Hello ladies, I'm new to this forum business, and just looking for some advice and a chat with people who have first-hand experiences. I'm not even sure if I actually have endo, but the condition was mentioned as a possibility by my GP and consultant recently.
Has anybody here ever had their endo symptoms confused with IBS by medical professionals? I was diagnosed with IBS 4 years ago, and since then my symptoms have continued to get steadily worse. No traditional IBS medication seems to relieve my symptoms and I've tried excluding all the problem food groups to no avail. Plus, my IBS symptoms go crazy around the time of my period.
Early last year my GP finally picked up on my gyne symptoms too - I've always suffered from painful, long, heavy, clotty periods, and they've been getting worse since I was diagnosed with IBS, with lots of spotting and missed periods. After a blood test I was diagnosed with some ovarian cysts. Then after several referrals the consultants I saw said I 'could have endo' and have put me on the pill to help my periods. I've been feeling slightly better whilst on the pill too, less bloating and more energy (although constantly bleeding on the mini-pill, argh!).
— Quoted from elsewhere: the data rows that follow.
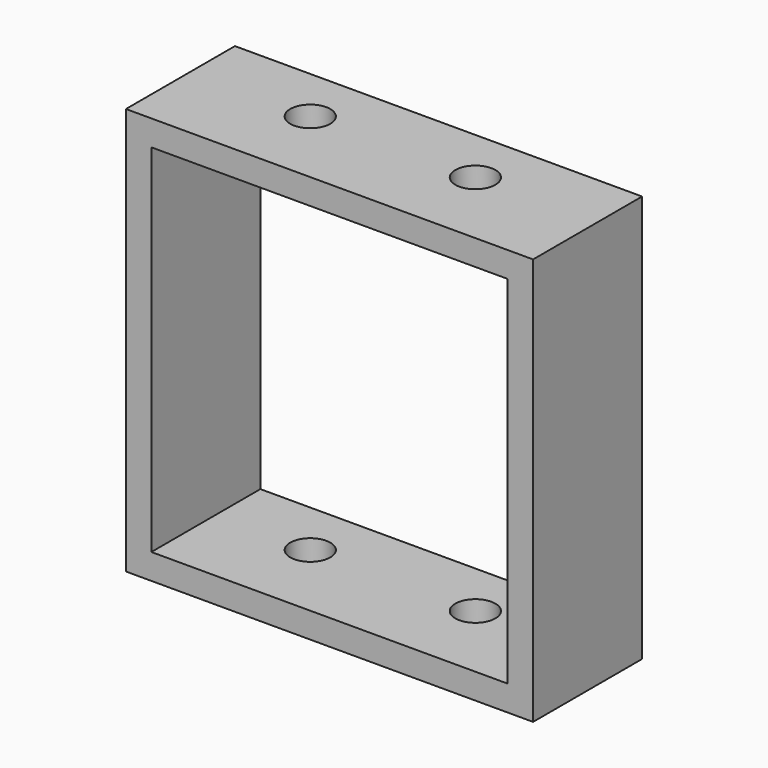
from build123d import *

# Parameters (mm, degrees)
F0_W          = 50.8
F0_H          = 50.8
F0_W_2        = 44.45
F0_H_2        = 44.45
F1_DEPTH      = 10
F1_DEPTH_BACK = 7
F3_D          = 5
F3_DEPTH      = 25.401
F4_D          = 5


# Not quite as in the source:
# - a feature names something its author has since deleted; it is built from what else it names


with BuildPart() as f1:
    # F0 (on Front) → F1 (new body, two sides)
    with BuildSketch(Plane.XZ) as f1_sk:
        Rectangle(F0_W, F0_H)
        Rectangle(F0_W_2, F0_H_2, mode=Mode.SUBTRACT)
    extrude(amount=F1_DEPTH)
    extrude(f1_sk.sketch, amount=-F1_DEPTH_BACK)

    # F3 (through all, one way)
    with BuildSketch(Plane(origin=(0, 0, 0), x_dir=(1, 0, 0), z_dir=(0, 0, -1))):
        with Locations((-10.4, 0), (10.2, 0)):
            Circle(F3_D / 2)
    extrude(amount=-F3_DEPTH, mode=Mode.SUBTRACT)

    # F4 (through all)
    with Locations(Plane.XY):
        with Locations((-10.4, 0), (10.2, 0)):
            Hole(F4_D / 2)


solid = f1.part
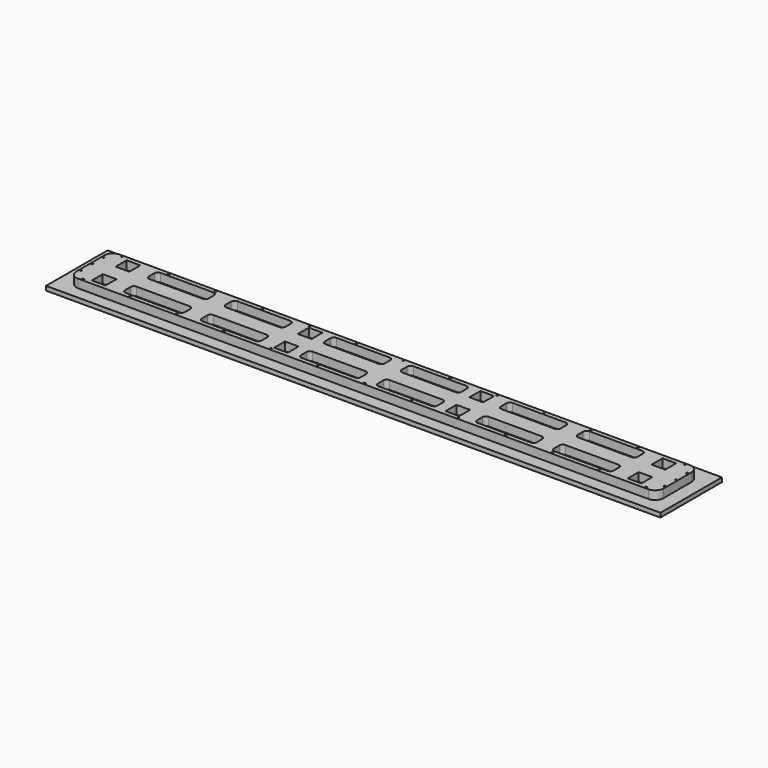
from build123d import *

# Parameters (mm, degrees)
F0_W     = 874.014
F0_H     = 77.5716
F0_W_2   = 2.9972
F0_H_2   = 0.9906
F0_W_3   = 20.32
F0_H_3   = 20.32
F0_W_4   = 0.9906
F0_H_4   = 2.9972
F0_W_5   = 88.9
F1_DEPTH = 12.7
F2_W     = 914.4
F2_H     = 114.3
F3_DEPTH = 6.35
F4_R     = 12.7
F5_R     = 5.08
F6_R     = 5.08


with BuildPart() as f1:
    # F0 (on Top) → F1 (new body)
    with BuildSketch(Plane.XY):
        Rectangle(F0_W, F0_H)
        with Locations((-419.1, -35.9029)):
            Rectangle(F0_W_2, F0_H_2, mode=Mode.SUBTRACT)
        with Locations((-349.25, -35.9029)):
            Rectangle(F0_W_2, F0_H_2, mode=Mode.SUBTRACT)
        with Locations((-279.4, -35.9029)):
            Rectangle(F0_W_2, F0_H_2, mode=Mode.SUBTRACT)
        with Locations((-398.78, -22.225)):
            Rectangle(F0_W_3, F0_H_3, mode=Mode.SUBTRACT)
        with Locations((-434.1114, -20.8788)):
            Rectangle(F0_W_4, F0_H_4, mode=Mode.SUBTRACT)
        with Locations((-319.1074297856, -22.225)):
            Rectangle(F0_W_5, F0_H_3, mode=Mode.SUBTRACT)
        with Locations((-209.55, -35.9029)):
            Rectangle(F0_W_2, F0_H_2, mode=Mode.SUBTRACT)
        with Locations((-139.7, -35.9029)):
            Rectangle(F0_W_2, F0_H_2, mode=Mode.SUBTRACT)
        with Locations((-69.85, -35.9029)):
            Rectangle(F0_W_2, F0_H_2, mode=Mode.SUBTRACT)
        with Locations((0, -35.9029)):
            Rectangle(F0_W_2, F0_H_2, mode=Mode.SUBTRACT)
        with Locations((-204.8074297856, -22.225)):
            Rectangle(F0_W_5, F0_H_3, mode=Mode.SUBTRACT)
        with Locations((-127.635, -22.225)):
            Rectangle(F0_W_3, F0_H_3, mode=Mode.SUBTRACT)
        with Locations((-57.15, -22.225)):
            Rectangle(F0_W_5, F0_H_3, mode=Mode.SUBTRACT)
        with Locations((69.85, -35.9029)):
            Rectangle(F0_W_2, F0_H_2, mode=Mode.SUBTRACT)
        with Locations((139.7, -35.9029)):
            Rectangle(F0_W_2, F0_H_2, mode=Mode.SUBTRACT)
        with Locations((209.55, -35.9029)):
            Rectangle(F0_W_2, F0_H_2, mode=Mode.SUBTRACT)
        with Locations((57.15, -22.225)):
            Rectangle(F0_W_5, F0_H_3, mode=Mode.SUBTRACT)
        with Locations((127.635, -22.225)):
            Rectangle(F0_W_3, F0_H_3, mode=Mode.SUBTRACT)
        with Locations((204.8074297856, -22.225)):
            Rectangle(F0_W_5, F0_H_3, mode=Mode.SUBTRACT)
        with Locations((279.4, -35.9029)):
            Rectangle(F0_W_2, F0_H_2, mode=Mode.SUBTRACT)
        with Locations((349.25, -35.9029)):
            Rectangle(F0_W_2, F0_H_2, mode=Mode.SUBTRACT)
        with Locations((419.1, -35.9029)):
            Rectangle(F0_W_2, F0_H_2, mode=Mode.SUBTRACT)
        with Locations((319.1074297856, -22.225)):
            Rectangle(F0_W_5, F0_H_3, mode=Mode.SUBTRACT)
        with Locations((398.78, -22.225)):
            Rectangle(F0_W_3, F0_H_3, mode=Mode.SUBTRACT)
        with Locations((434.1114, -20.8788)):
            Rectangle(F0_W_4, F0_H_4, mode=Mode.SUBTRACT)
        with Locations((-434.1114, 0)):
            Rectangle(F0_W_4, F0_H_4, mode=Mode.SUBTRACT)
        with Locations((-434.1114, 20.8788)):
            Rectangle(F0_W_4, F0_H_4, mode=Mode.SUBTRACT)
        with Locations((-398.78, 22.225)):
            Rectangle(F0_W_3, F0_H_3, mode=Mode.SUBTRACT)
        with Locations((-319.1074297856, 22.225)):
            Rectangle(F0_W_5, F0_H_3, mode=Mode.SUBTRACT)
        with Locations((-419.1, 35.9029)):
            Rectangle(F0_W_2, F0_H_2, mode=Mode.SUBTRACT)
        with Locations((-349.25, 35.9029)):
            Rectangle(F0_W_2, F0_H_2, mode=Mode.SUBTRACT)
        with Locations((-279.4, 35.9029)):
            Rectangle(F0_W_2, F0_H_2, mode=Mode.SUBTRACT)
        with Locations((-204.8074297856, 22.225)):
            Rectangle(F0_W_5, F0_H_3, mode=Mode.SUBTRACT)
        with Locations((-127.635, 22.225)):
            Rectangle(F0_W_3, F0_H_3, mode=Mode.SUBTRACT)
        with Locations((-57.15, 22.225)):
            Rectangle(F0_W_5, F0_H_3, mode=Mode.SUBTRACT)
        with Locations((-209.55, 35.9029)):
            Rectangle(F0_W_2, F0_H_2, mode=Mode.SUBTRACT)
        with Locations((-139.7, 35.9029)):
            Rectangle(F0_W_2, F0_H_2, mode=Mode.SUBTRACT)
        with Locations((-69.85, 35.9029)):
            Rectangle(F0_W_2, F0_H_2, mode=Mode.SUBTRACT)
        with Locations((0, 35.9029)):
            Rectangle(F0_W_2, F0_H_2, mode=Mode.SUBTRACT)
        with Locations((434.1114, 0)):
            Rectangle(F0_W_4, F0_H_4, mode=Mode.SUBTRACT)
        with Locations((57.15, 22.225)):
            Rectangle(F0_W_5, F0_H_3, mode=Mode.SUBTRACT)
        with Locations((127.635, 22.225)):
            Rectangle(F0_W_3, F0_H_3, mode=Mode.SUBTRACT)
        with Locations((204.8074297856, 22.225)):
            Rectangle(F0_W_5, F0_H_3, mode=Mode.SUBTRACT)
        with Locations((69.85, 35.9029)):
            Rectangle(F0_W_2, F0_H_2, mode=Mode.SUBTRACT)
        with Locations((139.7, 35.9029)):
            Rectangle(F0_W_2, F0_H_2, mode=Mode.SUBTRACT)
        with Locations((209.55, 35.9029)):
            Rectangle(F0_W_2, F0_H_2, mode=Mode.SUBTRACT)
        with Locations((319.1074297856, 22.225)):
            Rectangle(F0_W_5, F0_H_3, mode=Mode.SUBTRACT)
        with Locations((434.1114, 20.8788)):
            Rectangle(F0_W_4, F0_H_4, mode=Mode.SUBTRACT)
        with Locations((398.78, 22.225)):
            Rectangle(F0_W_3, F0_H_3, mode=Mode.SUBTRACT)
        with Locations((279.4, 35.9029)):
            Rectangle(F0_W_2, F0_H_2, mode=Mode.SUBTRACT)
        with Locations((349.25, 35.9029)):
            Rectangle(F0_W_2, F0_H_2, mode=Mode.SUBTRACT)
        with Locations((419.1, 35.9029)):
            Rectangle(F0_W_2, F0_H_2, mode=Mode.SUBTRACT)
    extrude(amount=F1_DEPTH)

    # F4
    f4_edges = [f1.edges().sort_by_distance(p)[0] for p in [
        (-437.007, 38.7858, 6.35),
        (-437.007, -38.7858, 6.35),
        (437.007, 38.7858, 6.35),
        (437.007, -38.7858, 6.35),
    ]]
    fillet(f4_edges, radius=F4_R)

    # F5
    f5_edges = [f1.edges().sort_by_distance(p)[0] for p in [
        (363.55743, -12.065, 6.35),
        (249.25743, -12.065, 6.35),
        (249.25743, 32.385, 6.35),
        (363.55743, 32.385, 6.35),
        (101.6, -12.065, 6.35),
        (101.6, 32.385, 6.35),
        (-12.7, -12.065, 6.35),
        (-12.7, 32.385, 6.35),
        (-160.35743, -12.065, 6.35),
        (-160.35743, 32.385, 6.35),
        (-274.65743, 32.385, 6.35),
        (-274.65743, -12.065, 6.35),
        (-363.55743, -32.385, 6.35),
        (-363.55743, 12.065, 6.35),
        (-249.25743, 12.065, 6.35),
        (-249.25743, -32.385, 6.35),
        (-101.6, 12.065, 6.35),
        (-101.6, -32.385, 6.35),
        (160.35743, -32.385, 6.35),
        (12.7, -32.385, 6.35),
        (12.7, 32.385, 6.35),
        (-101.6, 32.385, 6.35),
        (-249.25743, 32.385, 6.35),
        (-249.25743, -12.065, 6.35),
        (-363.55743, -12.065, 6.35),
        (-363.55743, 32.385, 6.35),
        (-160.35743, 12.065, 6.35),
        (-12.7, -32.385, 6.35),
        (-12.7, 12.065, 6.35),
        (160.35743, -12.065, 6.35),
        (12.7, -12.065, 6.35),
        (-101.6, -12.065, 6.35),
        (274.65743, -12.065, 6.35),
        (274.65743, 32.385, 6.35),
        (160.35743, 32.385, 6.35),
        (363.55743, 12.065, 6.35),
        (363.55743, -32.385, 6.35),
        (249.25743, -32.385, 6.35),
        (249.25743, 12.065, 6.35),
        (101.6, -32.385, 6.35),
        (274.65743, -32.385, 6.35),
        (274.65743, 12.065, 6.35),
        (-274.65743, 12.065, 6.35),
        (-274.65743, -32.385, 6.35),
        (12.7, 12.065, 6.35),
        (160.35743, 12.065, 6.35),
    ]]
    fillet(f5_edges, radius=F5_R)

    # F6
    f6_edges = [f1.edges().sort_by_distance(p)[0] for p in [
        (-160.35743, -32.385, 6.35),
        (101.6, 12.065, 6.35),
    ]]
    fillet(f6_edges, radius=F6_R)


with BuildPart() as f3:
    # F2 (on face) → F3 (new body)
    with BuildSketch(Plane(origin=(0, 0, 0), x_dir=(1, 0, 0), z_dir=(0, 0, -1))):
        Rectangle(F2_W, F2_H)
    extrude(amount=F3_DEPTH)


solid = Compound([f1.part, f3.part])

Given a checklist of 'typical' endo symptoms I have them all, except one - the pain I experience is relatively mild (I think) in comparison to what a lot of you ladies describe here. I know endo differs from person to person, but is it possible to have endo with only mild pain? Don't get me wrong, when I have my period I have HEINOUS cramps, but the rest of the time I only get mild cramping/back/leg pain, which is annoying and draining at times but it doesn't sound as bad as what some of you others describe.
My GP just shrugs his shoulders when I ask him if it's IBS or endo.
Another question I have is, is there anything you can do for episodes of tiredness? The last time I had my period I was so wiped out I couldn't stand up for 2 days. I asked my GP but all he said was "oh, poor you".